A set of inflated initial condition perturbation experiments were performed with the WRF-ARW ensemble to account for initial condition uncertainties. These inflated initial perturbations increased both the track and intensity ensemble spread, with the magnitude of this increase being case specific. The larger increase in the initial condition perturbation increased the ensemble spread similar to the single-core multiphysics and multicore ensembles.
For the two case studies presented, an ensemble could be constructed using a single core in combination with 1) varying physical parameterizations, 2) stochastic physics algorithms, or 3) inflated initial perturbations, to produce track and intensity forecast uncertainties similar to those produced by a multicore ensemble. The results suggest that model physical parameterizations (other than differences in the dynamic cores) for these two case studies may play an important role in evolving the case-specific TC track and intensity uncertainties. For Edouard, it is hypothesized that an increased number of TC-configured physical parameterizations used in the single-core multiphysics ensemble in WRF-ARW may have provided a larger sample of possible solutions and a better representation of the track forecast uncertainties. Examining the differences between APSU–COTC and HWRF track and intensity spread for Edouard provide insight into how model resolution and domain size may alter the evolution of TC forecast uncertainties.
The current study only uses two hurricane events to exemplify how the choice of the model dynamics core, model physical parameterizations, stochastic physics algorithms, and initial condition uncertainties impact the practical limits of predictability. Further study is needed using multiple seasons of ensemble TC forecasts to identify the impact on ensemble performance.
The authors thank Judith Berner at NCAR for her help implementing SKEBS and SPPT within the WRF-ARW model. We benefited greatly from the anonymous reviewers’ comments to the earlier version of our manuscript. Proofreading by Robert Nystrom and Alex Kowaleski is greatly appreciated. The computing was performed at supercomputing facilities at Texas Advanced Computing Center and NOAA/ESRL. This work was supported by Office of Naval Research Grant N000140910526, National Science Foundation Grant AGS-1305798, NASA Grant NNX12AJ79G, and NOAA/HFIP.
COAMPS-TC is the registered trademark of the Naval Research Laboratory.
The 0.1° horizontal spacing was chosen to reduce interpolation errors, but stay within computing resource constraints.

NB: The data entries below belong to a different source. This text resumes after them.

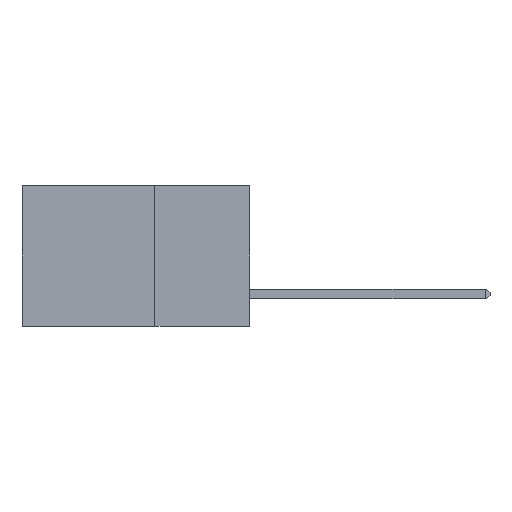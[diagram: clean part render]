
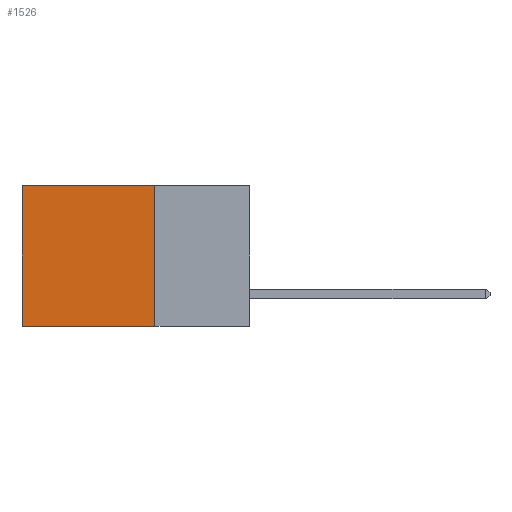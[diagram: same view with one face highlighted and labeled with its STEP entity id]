
A CAD part, left-side view. The second image highlights one B-rep face of the part: STEP entity #1526.
In plain terms, the highlighted planar face has unit normal (-1, 0, 0).
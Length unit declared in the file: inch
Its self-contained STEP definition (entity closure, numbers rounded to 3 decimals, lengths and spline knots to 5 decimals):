
#125 = ORIENTED_EDGE ( 'NONE', *, *, #3455, .F. ) ;
#836 = EDGE_CURVE ( 'NONE', #10283, #3420, #7276, .T. ) ;
#838 = PLANE ( 'NONE',  #11826 ) ;
#925 = CARTESIAN_POINT ( 'NONE',  ( 0.2875, 0.25, 0. ) ) ;
#1336 = CARTESIAN_POINT ( 'NONE',  ( 0.2875, 0.25, 0. ) ) ;
#1423 = VECTOR ( 'NONE', #12064, 39.37008 ) ;
#1526 = ADVANCED_FACE ( 'NONE', ( #10440 ), #838, .F. ) ;
#1653 = ORIENTED_EDGE ( 'NONE', *, *, #1914, .T. ) ;
#1746 = LINE ( 'NONE', #5639, #7362 ) ;
#1798 = DIRECTION ( 'NONE',  ( 0., 1., 0. ) ) ;
#1914 = EDGE_CURVE ( 'NONE', #12859, #10283, #3501, .T. ) ;
#2991 = EDGE_CURVE ( 'NONE', #12859, #10270, #4287, .T. ) ;
#3133 = CARTESIAN_POINT ( 'NONE',  ( 0.2875, 0.25, 0. ) ) ;
#3420 = VERTEX_POINT ( 'NONE', #9687 ) ;
#3455 = EDGE_CURVE ( 'NONE', #10270, #3420, #1746, .T. ) ;
#3501 = LINE ( 'NONE', #1336, #8690 ) ;
#4287 = LINE ( 'NONE', #11308, #1423 ) ;
#4520 = VECTOR ( 'NONE', #10039, 39.37008 ) ;
#4899 = DIRECTION ( 'NONE',  ( 0., 0., -1. ) ) ;
#5198 = CARTESIAN_POINT ( 'NONE',  ( 0.2875, 0.6, 0. ) ) ;
#5538 = DIRECTION ( 'NONE',  ( 0., 1., 0. ) ) ;
#5590 = ORIENTED_EDGE ( 'NONE', *, *, #836, .T. ) ;
#5639 = CARTESIAN_POINT ( 'NONE',  ( 0.2875, 0.25, -0.37 ) ) ;
#7276 = LINE ( 'NONE', #5198, #4520 ) ;
#7362 = VECTOR ( 'NONE', #5538, 39.37008 ) ;
#7929 = CARTESIAN_POINT ( 'NONE',  ( 0.2875, 0.25, -0.37 ) ) ;
#8690 = VECTOR ( 'NONE', #1798, 39.37008 ) ;
#9599 = ORIENTED_EDGE ( 'NONE', *, *, #2991, .F. ) ;
#9687 = CARTESIAN_POINT ( 'NONE',  ( 0.2875, 0.6, -0.37 ) ) ;
#10034 = DIRECTION ( 'NONE',  ( 1., 0., 0. ) ) ;
#10039 = DIRECTION ( 'NONE',  ( 0., 0., -1. ) ) ;
#10270 = VERTEX_POINT ( 'NONE', #7929 ) ;
#10283 = VERTEX_POINT ( 'NONE', #12961 ) ;
#10358 = EDGE_LOOP ( 'NONE', ( #5590, #125, #9599, #1653 ) ) ;
#10440 = FACE_OUTER_BOUND ( 'NONE', #10358, .T. ) ;
#11308 = CARTESIAN_POINT ( 'NONE',  ( 0.2875, 0.25, 0. ) ) ;
#11826 = AXIS2_PLACEMENT_3D ( 'NONE', #3133, #10034, #4899 ) ;
#12064 = DIRECTION ( 'NONE',  ( 0., 0., -1. ) ) ;
#12859 = VERTEX_POINT ( 'NONE', #925 ) ;
#12961 = CARTESIAN_POINT ( 'NONE',  ( 0.2875, 0.6, 0. ) ) ;

The PSU-WRF-EnKF only assimilates observations within 800 km of the TC center.
HWRF does not use the diagnosed 10-m wind speeds from the initial conditions during cold-start initialization, unlike APSU and COTC.
A 10 000-sample bootstrapped Kolmogorov–Smirnov two-sample test at the 95% significance level is performed between MPHY and MCOR at each 6-h lead time.
To generate comparable simulated radar reflectivities between models, only the cloud water and rainwater mixing ratios were used because of differences in the microphysics schemes. This will impact the simulated radar reflectivity intensity, but the relative difference between models is the focus.
The TC-centered mean environmental wind shear is calculated within a 3° ring from 2° to 5° from the TC center, and the tilt vector is calculated as the displacement between the 500- and 850-hPa maximum potential vorticity centers.